## What you need to do:
All of the records below should be retyped exactly, with no pictures included.
......
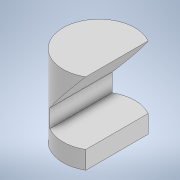
# Autodesk Inventor part: Деталь3
Saved by Autodesk Inventor 2021.2 (Build 252289000, 289)
## iProperties
Created: 2023-10-05
Part Number: Деталь3
Material: Типовые
Document SubType Name: Modeling
Designer: User
Density: 1 g/cm^3
Appearance: По умолчанию
Author: User
Autodesk Inventor part; units mm, degrees
ref_plane "YZ Plane" through (0, 0, 0) normal (1, 0, 0) x (0, 1, 0)
ref_plane "XZ Plane" through (0, 0, 0) normal (0, 1, 0) x (-1, 0, 0)
ref_plane "XY Plane" through (0, 0, 0) normal (0, 0, 1) x (1, 0, 0)
sketch "Эскиз1" plane through (0, 0, 0) normal (0, 1, 0) x (-1, 0, 0)
  circle A0 centre (0, 0) radius 40
  dimension "d0" = 80
  constraints: 1 centre point, 1 coincident
  measures "d0" diameter of A0
extrude "Выдавливание1" add sketch "Эскиз1" along normal blind 90
sketch "Эскиз2" plane through (0, 0, 0) normal (0, 0, 1) x (1, 0, 0)
  line L0 (-40, 90) -> (-40, 0)
  line L1 (-40, 0) -> (-40, 90) projected
  line L2 (-40, 0) -> (20, 0)
  line L3 (20, 0) -> (20, 20)
  line L4 (20, 20) -> (-20, 20)
  line L5 (-20, 20) -> (-20, 40)
  line L6 (-20, 40) -> (20, 90)
  line L7 (20, 90) -> (-40, 90)
  point P0 (0, 0)
  dimension "d3" = 60
  dimension "d4" = 20
  dimension "d5" = 40
  dimension "d6" = 20
  constraints: 14 end point, 3 perpendicular, 2 point on line
  measures "d3" distance of L1.start L2.end
  measures "d4" distance of L2.end L3.end
  measures "d5" distance of L3.end L4.end
  measures "d6" distance of L4.end L5.end
extrude "Выдавливание2" cut sketch "Эскиз2" against normal mid plane 90 keep common part
......
## Response to the exercise:
# Autodesk Inventor part: Деталь3
Saved by Autodesk Inventor 2021.2 (Build 252289000, 289)
## iProperties
Created: 2023-10-05
Part Number: Деталь3
Material: Типовые
Document SubType Name: Modeling
Designer: User
Density: 1 g/cm^3
Appearance: По умолчанию
Author: User
Autodesk Inventor part; units mm, degrees
ref_plane "YZ Plane" through (0, 0, 0) normal (1, 0, 0) x (0, 1, 0)
ref_plane "XZ Plane" through (0, 0, 0) normal (0, 1, 0) x (-1, 0, 0)
ref_plane "XY Plane" through (0, 0, 0) normal (0, 0, 1) x (1, 0, 0)
sketch "Эскиз1" plane through (0, 0, 0) normal (0, 1, 0) x (-1, 0, 0)
  circle A0 centre (0, 0) radius 40
  dimension "d0" = 80
  constraints: 1 centre point, 1 coincident
  measures "d0" diameter of A0
extrude "Выдавливание1" add sketch "Эскиз1" along normal blind 90
sketch "Эскиз2" plane through (0, 0, 0) normal (0, 0, 1) x (1, 0, 0)
  line L0 (-40, 90) -> (-40, 0)
  line L1 (-40, 0) -> (-40, 90) projected
  line L2 (-40, 0) -> (20, 0)
  line L3 (20, 0) -> (20, 20)
  line L4 (20, 20) -> (-20, 20)
  line L5 (-20, 20) -> (-20, 40)
  line L6 (-20, 40) -> (20, 90)
  line L7 (20, 90) -> (-40, 90)
  point P0 (0, 0)
  dimension "d3" = 60
  dimension "d4" = 20
  dimension "d5" = 40
  dimension "d6" = 20
  constraints: 14 end point, 3 perpendicular, 2 point on line
  measures "d3" distance of L1.start L2.end
  measures "d4" distance of L2.end L3.end
  measures "d5" distance of L3.end L4.end
  measures "d6" distance of L4.end L5.end
extrude "Выдавливание2" cut sketch "Эскиз2" against normal mid plane 90 keep common part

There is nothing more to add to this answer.